The Real Consequences
The results of this inequality go beyond the wealth getting wealthier. It's about people paying more for their healthcare, rent and vet bills without seeing any substantial income improvement. And Collins said the pain and frustration of this kind of society can lead to deep discontent.
"The most powerful affluent rulers understand people are being excluded [and] are monetarily hurting," Collins said, adding that conservative politicians have been good at tapping into a potent "phony populism".
Political Reality
The paradox, Collins points out in his book, is that political leaders have appointed a succession of billionaires to administrative posts. Along with tech billionaires who had short yet influential roles overseeing massive cuts to the federal workforce, other important roles for commerce, treasury, education and the interior are also all billionaires.
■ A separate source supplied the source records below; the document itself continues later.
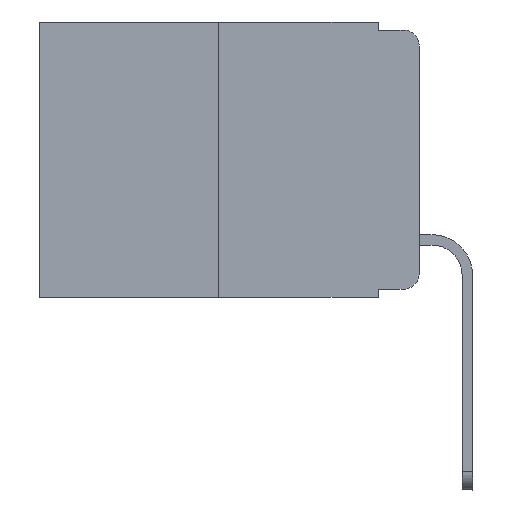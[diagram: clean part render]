
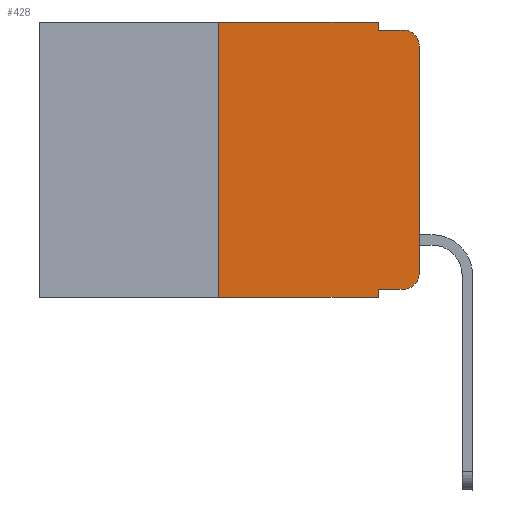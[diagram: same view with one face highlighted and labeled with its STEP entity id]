
A CAD part, left-side view. The second image highlights one B-rep face of the part: STEP entity #428.
In plain terms, the highlighted planar face has unit normal (-1, 0, 0).
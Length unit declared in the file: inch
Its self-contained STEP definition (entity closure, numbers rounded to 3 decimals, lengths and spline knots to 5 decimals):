
#163 = CIRCLE ( 'NONE', #9044, 0.02 ) ;
#309 = FACE_OUTER_BOUND ( 'NONE', #9084, .T. ) ;
#428 = ADVANCED_FACE ( 'NONE', ( #309 ), #1348, .F. ) ;
#484 = AXIS2_PLACEMENT_3D ( 'NONE', #6290, #5089, #9154 ) ;
#536 = CARTESIAN_POINT ( 'NONE',  ( 0., 0.051, -0.01 ) ) ;
#552 = CARTESIAN_POINT ( 'NONE',  ( 0., 0.02, -0.333 ) ) ;
#674 = DIRECTION ( 'NONE',  ( 0., 0., 1. ) ) ;
#825 = VECTOR ( 'NONE', #4509, 39.37008 ) ;
#889 = EDGE_CURVE ( 'NONE', #8365, #4990, #11501, .T. ) ;
#954 = VECTOR ( 'NONE', #3890, 39.37008 ) ;
#1348 = PLANE ( 'NONE',  #12876 ) ;
#1356 = CARTESIAN_POINT ( 'NONE',  ( 0., 0.051, 0. ) ) ;
#1482 = CARTESIAN_POINT ( 'NONE',  ( 0., 0.473, 0. ) ) ;
#1619 = ORIENTED_EDGE ( 'NONE', *, *, #7179, .F. ) ;
#1757 = ORIENTED_EDGE ( 'NONE', *, *, #11032, .F. ) ;
#1947 = CARTESIAN_POINT ( 'NONE',  ( 0., 0.051, -0.01 ) ) ;
#2073 = VECTOR ( 'NONE', #2457, 39.37008 ) ;
#2303 = DIRECTION ( 'NONE',  ( 0., 0., -1. ) ) ;
#2457 = DIRECTION ( 'NONE',  ( 0., 0., -1. ) ) ;
#2627 = VERTEX_POINT ( 'NONE', #8193 ) ;
#2662 = DIRECTION ( 'NONE',  ( 0., 0., -1. ) ) ;
#3238 = ORIENTED_EDGE ( 'NONE', *, *, #9893, .T. ) ;
#3318 = VERTEX_POINT ( 'NONE', #7569 ) ;
#3549 = CARTESIAN_POINT ( 'NONE',  ( 0., 0.473, -0.343 ) ) ;
#3672 = LINE ( 'NONE', #3549, #7745 ) ;
#3778 = VECTOR ( 'NONE', #8172, 39.37008 ) ;
#3890 = DIRECTION ( 'NONE',  ( 0., 0., 1. ) ) ;
#4017 = VERTEX_POINT ( 'NONE', #7410 ) ;
#4090 = VERTEX_POINT ( 'NONE', #536 ) ;
#4509 = DIRECTION ( 'NONE',  ( 0., -1., 0. ) ) ;
#4626 = LINE ( 'NONE', #8679, #6086 ) ;
#4737 = CARTESIAN_POINT ( 'NONE',  ( 0., 0.02, -0.01 ) ) ;
#4980 = CARTESIAN_POINT ( 'NONE',  ( 0., 0., -0.313 ) ) ;
#4990 = VERTEX_POINT ( 'NONE', #552 ) ;
#4997 = ORIENTED_EDGE ( 'NONE', *, *, #9877, .F. ) ;
#5025 = CARTESIAN_POINT ( 'NONE',  ( 0., 0.051, -0.333 ) ) ;
#5089 = DIRECTION ( 'NONE',  ( -1., 0., 0. ) ) ;
#5281 = EDGE_CURVE ( 'NONE', #4017, #12026, #5545, .T. ) ;
#5435 = DIRECTION ( 'NONE',  ( 0., -1., 0. ) ) ;
#5545 = CIRCLE ( 'NONE', #484, 0.02 ) ;
#6046 = ORIENTED_EDGE ( 'NONE', *, *, #5281, .T. ) ;
#6086 = VECTOR ( 'NONE', #674, 39.37008 ) ;
#6290 = CARTESIAN_POINT ( 'NONE',  ( 0., 0.02, -0.03 ) ) ;
#6512 = DIRECTION ( 'NONE',  ( -1., 0., 0. ) ) ;
#6649 = DIRECTION ( 'NONE',  ( 0., 0., -1. ) ) ;
#6661 = DIRECTION ( 'NONE',  ( 0., -1., 0. ) ) ;
#6699 = LINE ( 'NONE', #8473, #2073 ) ;
#7037 = ORIENTED_EDGE ( 'NONE', *, *, #889, .T. ) ;
#7179 = EDGE_CURVE ( 'NONE', #3318, #2627, #12131, .T. ) ;
#7410 = CARTESIAN_POINT ( 'NONE',  ( 0., 0., -0.03 ) ) ;
#7569 = CARTESIAN_POINT ( 'NONE',  ( 0., 0.25, -0.343 ) ) ;
#7745 = VECTOR ( 'NONE', #6661, 39.37008 ) ;
#7866 = VERTEX_POINT ( 'NONE', #10696 ) ;
#8107 = LINE ( 'NONE', #1947, #3778 ) ;
#8172 = DIRECTION ( 'NONE',  ( 0., -1., 0. ) ) ;
#8193 = CARTESIAN_POINT ( 'NONE',  ( 0., 0.25, 0. ) ) ;
#8365 = VERTEX_POINT ( 'NONE', #5025 ) ;
#8425 = LINE ( 'NONE', #1482, #825 ) ;
#8473 = CARTESIAN_POINT ( 'NONE',  ( 0., 0.051, 0. ) ) ;
#8679 = CARTESIAN_POINT ( 'NONE',  ( 0., 0., 0. ) ) ;
#8987 = VERTEX_POINT ( 'NONE', #10759 ) ;
#9044 = AXIS2_PLACEMENT_3D ( 'NONE', #12628, #6512, #2662 ) ;
#9050 = EDGE_CURVE ( 'NONE', #3318, #7866, #3672, .T. ) ;
#9084 = EDGE_LOOP ( 'NONE', ( #3238, #6046, #12680, #1757, #10655, #1619, #11050, #4997, #7037, #10915 ) ) ;
#9154 = DIRECTION ( 'NONE',  ( 0., 0., -1. ) ) ;
#9188 = VERTEX_POINT ( 'NONE', #4980 ) ;
#9432 = EDGE_CURVE ( 'NONE', #4990, #9188, #163, .T. ) ;
#9750 = VECTOR ( 'NONE', #5435, 39.37008 ) ;
#9877 = EDGE_CURVE ( 'NONE', #8365, #7866, #6699, .T. ) ;
#9893 = EDGE_CURVE ( 'NONE', #9188, #4017, #4626, .T. ) ;
#10188 = CARTESIAN_POINT ( 'NONE',  ( 0., 0.25, 0. ) ) ;
#10655 = ORIENTED_EDGE ( 'NONE', *, *, #12748, .F. ) ;
#10696 = CARTESIAN_POINT ( 'NONE',  ( 0., 0.051, -0.343 ) ) ;
#10753 = VECTOR ( 'NONE', #2303, 39.37008 ) ;
#10759 = CARTESIAN_POINT ( 'NONE',  ( 0., 0.051, 0. ) ) ;
#10915 = ORIENTED_EDGE ( 'NONE', *, *, #9432, .T. ) ;
#11032 = EDGE_CURVE ( 'NONE', #8987, #4090, #11345, .T. ) ;
#11050 = ORIENTED_EDGE ( 'NONE', *, *, #9050, .T. ) ;
#11345 = LINE ( 'NONE', #1356, #10753 ) ;
#11501 = LINE ( 'NONE', #12681, #9750 ) ;
#11772 = DIRECTION ( 'NONE',  ( 1., 0., 0. ) ) ;
#12026 = VERTEX_POINT ( 'NONE', #4737 ) ;
#12131 = LINE ( 'NONE', #10188, #954 ) ;
#12370 = CARTESIAN_POINT ( 'NONE',  ( 0., 0.473, 0. ) ) ;
#12565 = EDGE_CURVE ( 'NONE', #4090, #12026, #8107, .T. ) ;
#12628 = CARTESIAN_POINT ( 'NONE',  ( 0., 0.02, -0.313 ) ) ;
#12680 = ORIENTED_EDGE ( 'NONE', *, *, #12565, .F. ) ;
#12681 = CARTESIAN_POINT ( 'NONE',  ( 0., 0.051, -0.333 ) ) ;
#12748 = EDGE_CURVE ( 'NONE', #2627, #8987, #8425, .T. ) ;
#12876 = AXIS2_PLACEMENT_3D ( 'NONE', #12370, #11772, #6649 ) ;

This political landscape, along with help from legislative supporters, helped pass major tax legislation, which will make lasting reductions for the wealthy and corporations.
Potential Changes
While legislative bodies continue to argue that immigration and unfavorable commercial treaties are the source of everyone's economic problems, "the question becomes: Will the opposing party, which has also been influenced by the billionaires and big money, be able to meaningfully address the underlying harms?" Collins said.
Liberal leaders, he argues, know what policies are needed to "change wealth distribution", including substantial modifications to the tax system, raising the minimum wage and empowering worker groups.
"It was so, so close, and the law really did represent the will of the majority of people who really want lawmakers to solve some of these urgent problems," Collins said. "Wealthy influence is not about building so much as preventing. It's easier to block than it is to make something substantial take place, but the historical precedent is there. We know what that looks like."
Collins is positive that there can be change, but said it would require ongoing legislative effort.
"It may be before we know it that the pendulum swings back, and then it really is about preserving a continuous public campaign to make progress on this severe disparity we're living in," he said. "We can solve this. It is fixable."